Ladeira acima, ladeira abaixo, lá vai e vem
rangendo nos roucos e fracos eixos,
por mãos a tremer, a carrocinha de pipoca,
buscar a praça às tardes, bem ali...
e postar-se junto ao canteiro do jardim.

A pipoca pula, pula, ligeira no vidro,
aguçando a cobiça dos meninos,
a correrem afoitos ao encontro de
Seu Sinhozinho, sorridente e bondoso
testemunha muda das procelas da vida.

Banhada de luz bem amarela, a praça
tem perfume a se espalhar docemente,
casais de namorados, passeando livres
de mãos dadas, sorriem alegremente,
colorindo o seu viver de encantamento.

Olha o pipoqueiro!

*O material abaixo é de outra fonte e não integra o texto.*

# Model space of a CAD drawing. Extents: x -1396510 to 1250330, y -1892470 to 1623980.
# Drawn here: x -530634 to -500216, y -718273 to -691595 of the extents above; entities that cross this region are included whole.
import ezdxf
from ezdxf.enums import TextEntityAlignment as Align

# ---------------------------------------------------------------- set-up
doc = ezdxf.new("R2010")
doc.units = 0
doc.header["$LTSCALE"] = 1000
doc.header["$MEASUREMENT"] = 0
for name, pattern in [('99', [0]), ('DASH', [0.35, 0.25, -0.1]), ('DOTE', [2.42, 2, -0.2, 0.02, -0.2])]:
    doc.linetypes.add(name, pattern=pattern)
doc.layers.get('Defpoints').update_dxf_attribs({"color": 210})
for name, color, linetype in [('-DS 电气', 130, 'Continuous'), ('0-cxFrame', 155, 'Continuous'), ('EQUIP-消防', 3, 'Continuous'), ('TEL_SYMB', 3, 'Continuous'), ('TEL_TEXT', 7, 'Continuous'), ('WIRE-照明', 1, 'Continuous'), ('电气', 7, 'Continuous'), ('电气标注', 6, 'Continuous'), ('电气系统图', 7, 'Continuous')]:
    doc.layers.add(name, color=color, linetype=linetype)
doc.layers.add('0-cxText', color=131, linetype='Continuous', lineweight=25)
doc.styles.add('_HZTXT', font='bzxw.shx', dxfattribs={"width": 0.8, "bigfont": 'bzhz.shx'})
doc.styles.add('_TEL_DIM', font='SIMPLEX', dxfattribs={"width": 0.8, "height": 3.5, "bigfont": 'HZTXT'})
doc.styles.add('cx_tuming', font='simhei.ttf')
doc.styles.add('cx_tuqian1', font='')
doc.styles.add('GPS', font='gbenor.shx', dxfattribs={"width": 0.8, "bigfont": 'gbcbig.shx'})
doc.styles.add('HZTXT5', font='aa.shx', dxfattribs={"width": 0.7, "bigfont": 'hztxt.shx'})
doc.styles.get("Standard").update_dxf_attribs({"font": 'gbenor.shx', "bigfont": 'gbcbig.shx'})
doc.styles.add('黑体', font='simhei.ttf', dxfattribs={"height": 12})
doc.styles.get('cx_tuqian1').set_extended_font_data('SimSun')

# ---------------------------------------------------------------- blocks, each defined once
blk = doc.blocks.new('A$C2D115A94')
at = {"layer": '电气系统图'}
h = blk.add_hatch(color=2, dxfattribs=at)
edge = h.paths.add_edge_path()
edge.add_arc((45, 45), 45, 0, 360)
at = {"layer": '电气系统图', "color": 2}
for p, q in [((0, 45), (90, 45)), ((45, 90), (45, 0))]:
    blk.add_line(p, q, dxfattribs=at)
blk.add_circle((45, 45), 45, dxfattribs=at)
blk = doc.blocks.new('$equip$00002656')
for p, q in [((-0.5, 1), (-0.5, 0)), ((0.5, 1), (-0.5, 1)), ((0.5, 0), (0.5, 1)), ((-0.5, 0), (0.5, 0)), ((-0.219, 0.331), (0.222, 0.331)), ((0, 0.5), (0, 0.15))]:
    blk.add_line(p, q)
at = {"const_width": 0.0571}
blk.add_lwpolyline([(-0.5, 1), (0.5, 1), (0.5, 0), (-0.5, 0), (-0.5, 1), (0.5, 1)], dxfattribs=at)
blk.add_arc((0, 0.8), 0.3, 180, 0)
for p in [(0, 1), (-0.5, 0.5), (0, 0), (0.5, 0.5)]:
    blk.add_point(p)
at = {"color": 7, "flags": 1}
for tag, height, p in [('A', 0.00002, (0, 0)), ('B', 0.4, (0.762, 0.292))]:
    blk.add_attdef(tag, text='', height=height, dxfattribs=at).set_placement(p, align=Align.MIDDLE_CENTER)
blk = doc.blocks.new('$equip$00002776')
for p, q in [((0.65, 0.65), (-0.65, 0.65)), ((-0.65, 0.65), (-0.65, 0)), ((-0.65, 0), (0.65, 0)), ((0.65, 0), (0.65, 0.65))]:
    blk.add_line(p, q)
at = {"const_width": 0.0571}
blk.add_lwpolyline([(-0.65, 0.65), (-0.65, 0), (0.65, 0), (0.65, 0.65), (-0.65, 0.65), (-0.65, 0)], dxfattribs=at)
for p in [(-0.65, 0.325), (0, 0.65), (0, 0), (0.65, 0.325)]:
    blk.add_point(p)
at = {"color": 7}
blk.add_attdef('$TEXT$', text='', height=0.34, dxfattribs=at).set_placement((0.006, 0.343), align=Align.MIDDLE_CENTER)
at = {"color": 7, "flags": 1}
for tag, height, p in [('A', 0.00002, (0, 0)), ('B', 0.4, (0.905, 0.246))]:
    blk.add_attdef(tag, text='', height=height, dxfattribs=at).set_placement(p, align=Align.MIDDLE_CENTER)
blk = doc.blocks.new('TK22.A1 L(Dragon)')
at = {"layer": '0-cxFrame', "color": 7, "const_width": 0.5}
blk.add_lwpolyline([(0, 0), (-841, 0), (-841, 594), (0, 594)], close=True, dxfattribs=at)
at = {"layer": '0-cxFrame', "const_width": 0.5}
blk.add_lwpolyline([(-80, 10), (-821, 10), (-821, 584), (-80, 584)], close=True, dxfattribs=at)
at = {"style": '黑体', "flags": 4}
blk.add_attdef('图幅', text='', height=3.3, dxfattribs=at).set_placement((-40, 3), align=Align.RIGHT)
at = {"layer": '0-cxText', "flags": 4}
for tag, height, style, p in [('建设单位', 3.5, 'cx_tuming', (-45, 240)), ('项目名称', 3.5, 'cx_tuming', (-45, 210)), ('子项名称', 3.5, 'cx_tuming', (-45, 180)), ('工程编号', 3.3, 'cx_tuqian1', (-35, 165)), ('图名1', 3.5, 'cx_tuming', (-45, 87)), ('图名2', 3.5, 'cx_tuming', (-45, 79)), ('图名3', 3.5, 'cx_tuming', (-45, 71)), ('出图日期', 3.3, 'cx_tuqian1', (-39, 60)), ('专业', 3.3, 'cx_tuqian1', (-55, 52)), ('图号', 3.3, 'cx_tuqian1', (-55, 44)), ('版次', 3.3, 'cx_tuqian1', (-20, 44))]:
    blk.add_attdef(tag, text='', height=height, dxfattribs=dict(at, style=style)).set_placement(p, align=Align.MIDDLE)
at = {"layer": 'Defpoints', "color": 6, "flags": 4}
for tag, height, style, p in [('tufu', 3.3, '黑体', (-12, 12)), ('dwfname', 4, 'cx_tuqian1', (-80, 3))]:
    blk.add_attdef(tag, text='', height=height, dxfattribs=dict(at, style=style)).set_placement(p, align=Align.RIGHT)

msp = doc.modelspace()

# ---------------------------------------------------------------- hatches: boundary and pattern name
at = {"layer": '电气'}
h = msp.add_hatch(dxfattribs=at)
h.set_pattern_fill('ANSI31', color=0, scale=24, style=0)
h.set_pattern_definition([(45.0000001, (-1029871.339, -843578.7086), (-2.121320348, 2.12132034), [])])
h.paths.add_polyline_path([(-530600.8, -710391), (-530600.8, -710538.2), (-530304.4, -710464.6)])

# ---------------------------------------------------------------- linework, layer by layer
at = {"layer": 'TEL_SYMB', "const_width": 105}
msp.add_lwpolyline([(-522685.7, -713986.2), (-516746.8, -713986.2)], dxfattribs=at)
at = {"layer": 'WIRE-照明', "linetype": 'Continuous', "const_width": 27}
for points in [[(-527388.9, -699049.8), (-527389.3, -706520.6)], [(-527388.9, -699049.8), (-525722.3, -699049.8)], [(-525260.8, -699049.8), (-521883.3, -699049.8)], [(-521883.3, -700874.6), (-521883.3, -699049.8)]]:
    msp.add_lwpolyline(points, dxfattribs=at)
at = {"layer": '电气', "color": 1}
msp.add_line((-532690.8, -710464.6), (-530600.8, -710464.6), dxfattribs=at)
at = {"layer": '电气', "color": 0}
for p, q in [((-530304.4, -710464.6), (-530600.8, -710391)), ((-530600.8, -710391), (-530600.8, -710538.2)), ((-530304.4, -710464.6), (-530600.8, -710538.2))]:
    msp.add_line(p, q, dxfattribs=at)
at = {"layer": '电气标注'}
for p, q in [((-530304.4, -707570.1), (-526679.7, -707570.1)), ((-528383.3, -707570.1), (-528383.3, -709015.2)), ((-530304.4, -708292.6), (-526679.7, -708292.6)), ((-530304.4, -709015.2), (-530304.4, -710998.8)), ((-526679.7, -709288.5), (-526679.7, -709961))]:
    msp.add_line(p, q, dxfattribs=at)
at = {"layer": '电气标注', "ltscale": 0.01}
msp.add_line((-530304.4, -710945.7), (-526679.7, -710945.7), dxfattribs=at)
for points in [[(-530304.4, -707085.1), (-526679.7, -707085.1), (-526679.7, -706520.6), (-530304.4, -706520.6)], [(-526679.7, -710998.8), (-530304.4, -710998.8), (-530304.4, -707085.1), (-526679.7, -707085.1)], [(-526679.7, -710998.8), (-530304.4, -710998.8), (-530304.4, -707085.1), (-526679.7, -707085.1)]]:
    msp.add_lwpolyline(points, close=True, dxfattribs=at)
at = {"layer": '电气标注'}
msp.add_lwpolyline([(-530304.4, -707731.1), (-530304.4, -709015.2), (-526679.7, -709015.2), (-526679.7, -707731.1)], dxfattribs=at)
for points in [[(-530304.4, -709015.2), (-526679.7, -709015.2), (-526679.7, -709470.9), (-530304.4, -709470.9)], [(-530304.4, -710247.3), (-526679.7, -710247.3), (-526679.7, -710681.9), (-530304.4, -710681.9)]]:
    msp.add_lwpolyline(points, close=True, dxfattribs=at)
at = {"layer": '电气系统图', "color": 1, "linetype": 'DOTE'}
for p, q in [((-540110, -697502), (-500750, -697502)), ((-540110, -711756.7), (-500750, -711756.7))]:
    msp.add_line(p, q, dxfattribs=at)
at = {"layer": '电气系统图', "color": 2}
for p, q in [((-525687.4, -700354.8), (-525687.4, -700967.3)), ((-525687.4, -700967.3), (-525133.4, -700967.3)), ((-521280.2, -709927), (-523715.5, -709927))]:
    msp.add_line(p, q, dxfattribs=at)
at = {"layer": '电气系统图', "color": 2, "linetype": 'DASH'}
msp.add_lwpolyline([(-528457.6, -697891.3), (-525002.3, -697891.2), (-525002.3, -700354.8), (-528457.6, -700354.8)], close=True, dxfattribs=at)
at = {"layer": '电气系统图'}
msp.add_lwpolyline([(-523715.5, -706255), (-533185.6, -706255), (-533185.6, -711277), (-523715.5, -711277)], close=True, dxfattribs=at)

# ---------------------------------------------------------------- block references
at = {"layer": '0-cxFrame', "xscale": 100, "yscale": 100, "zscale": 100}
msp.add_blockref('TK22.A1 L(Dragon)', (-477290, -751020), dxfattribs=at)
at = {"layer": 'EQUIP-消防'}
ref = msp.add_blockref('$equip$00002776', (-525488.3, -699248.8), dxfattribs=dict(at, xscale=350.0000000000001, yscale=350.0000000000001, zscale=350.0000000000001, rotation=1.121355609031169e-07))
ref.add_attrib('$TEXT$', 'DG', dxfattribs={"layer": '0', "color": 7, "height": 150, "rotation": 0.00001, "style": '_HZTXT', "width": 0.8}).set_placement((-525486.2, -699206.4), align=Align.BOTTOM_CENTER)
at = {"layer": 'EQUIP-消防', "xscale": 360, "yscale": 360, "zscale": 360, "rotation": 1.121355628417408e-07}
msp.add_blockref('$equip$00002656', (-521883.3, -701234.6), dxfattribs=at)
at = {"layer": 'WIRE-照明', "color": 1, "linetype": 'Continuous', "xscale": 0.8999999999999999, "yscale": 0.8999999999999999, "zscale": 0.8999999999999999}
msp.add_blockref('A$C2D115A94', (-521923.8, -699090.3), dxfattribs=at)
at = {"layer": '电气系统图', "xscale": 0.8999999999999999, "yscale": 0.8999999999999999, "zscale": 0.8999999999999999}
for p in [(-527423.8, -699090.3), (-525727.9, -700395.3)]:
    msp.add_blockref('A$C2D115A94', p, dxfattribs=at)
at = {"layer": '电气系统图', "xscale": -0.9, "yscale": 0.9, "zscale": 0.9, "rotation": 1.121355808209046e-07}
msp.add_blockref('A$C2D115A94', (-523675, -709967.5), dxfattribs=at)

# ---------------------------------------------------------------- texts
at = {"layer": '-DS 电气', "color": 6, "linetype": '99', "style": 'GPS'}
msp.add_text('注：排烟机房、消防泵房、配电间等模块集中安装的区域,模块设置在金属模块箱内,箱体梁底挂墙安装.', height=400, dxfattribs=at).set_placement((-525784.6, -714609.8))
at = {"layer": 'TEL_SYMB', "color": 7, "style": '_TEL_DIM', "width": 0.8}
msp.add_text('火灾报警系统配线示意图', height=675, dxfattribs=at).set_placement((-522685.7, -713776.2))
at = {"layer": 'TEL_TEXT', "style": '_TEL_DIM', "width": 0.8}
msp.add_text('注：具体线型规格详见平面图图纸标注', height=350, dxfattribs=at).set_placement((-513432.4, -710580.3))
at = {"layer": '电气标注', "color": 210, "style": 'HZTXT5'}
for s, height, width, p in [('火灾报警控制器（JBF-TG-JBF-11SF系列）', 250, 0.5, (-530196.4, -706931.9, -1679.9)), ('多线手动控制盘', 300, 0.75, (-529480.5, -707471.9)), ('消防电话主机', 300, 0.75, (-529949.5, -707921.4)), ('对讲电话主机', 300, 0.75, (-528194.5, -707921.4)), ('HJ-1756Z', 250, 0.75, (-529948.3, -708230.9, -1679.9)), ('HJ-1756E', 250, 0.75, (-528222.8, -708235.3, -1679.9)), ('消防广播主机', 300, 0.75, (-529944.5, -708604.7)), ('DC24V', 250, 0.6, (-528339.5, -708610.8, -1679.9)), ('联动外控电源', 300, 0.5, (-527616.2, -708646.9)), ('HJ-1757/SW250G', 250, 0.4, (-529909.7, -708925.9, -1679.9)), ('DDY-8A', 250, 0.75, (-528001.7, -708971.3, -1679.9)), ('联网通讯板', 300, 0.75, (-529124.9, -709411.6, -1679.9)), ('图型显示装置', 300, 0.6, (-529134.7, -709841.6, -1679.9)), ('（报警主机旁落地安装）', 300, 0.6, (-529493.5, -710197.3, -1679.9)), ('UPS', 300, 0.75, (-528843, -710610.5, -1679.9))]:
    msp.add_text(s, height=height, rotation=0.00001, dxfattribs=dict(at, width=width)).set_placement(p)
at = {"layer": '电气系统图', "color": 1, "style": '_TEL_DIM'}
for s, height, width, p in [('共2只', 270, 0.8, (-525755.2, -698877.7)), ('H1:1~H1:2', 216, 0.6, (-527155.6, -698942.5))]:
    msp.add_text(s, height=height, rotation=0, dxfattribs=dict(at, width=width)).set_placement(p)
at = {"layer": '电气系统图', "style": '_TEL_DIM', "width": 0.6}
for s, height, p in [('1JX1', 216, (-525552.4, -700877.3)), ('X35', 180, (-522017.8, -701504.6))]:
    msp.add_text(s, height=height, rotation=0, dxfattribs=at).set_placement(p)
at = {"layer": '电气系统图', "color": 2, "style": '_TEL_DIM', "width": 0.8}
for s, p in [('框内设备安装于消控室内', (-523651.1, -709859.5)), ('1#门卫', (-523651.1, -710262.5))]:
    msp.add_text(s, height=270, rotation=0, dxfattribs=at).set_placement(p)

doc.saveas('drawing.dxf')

Olha o pipoqueiro!
Com voz rouquenha, dizia o pobre velho
Como bom lazer e recreio.
Escolheu as tardes domingueiras,
em meio a crianças, flores e pardais.

Flores e mais flores em simetria...
O jardim é como águas tranqüilas.
O pipoqueiro, curvado, mas sereno,
faz lembrar os velhos mandarins
a ensinar a arte de bem viver.

Agora nas tardes frescas de outono,
só vejo a carrocinha de pipoca...
Os domingos são ocos, muito ocos, e,
as crianças não vêem mais Seu Sinhozinho,
porque já Deus o levou a seu regaço.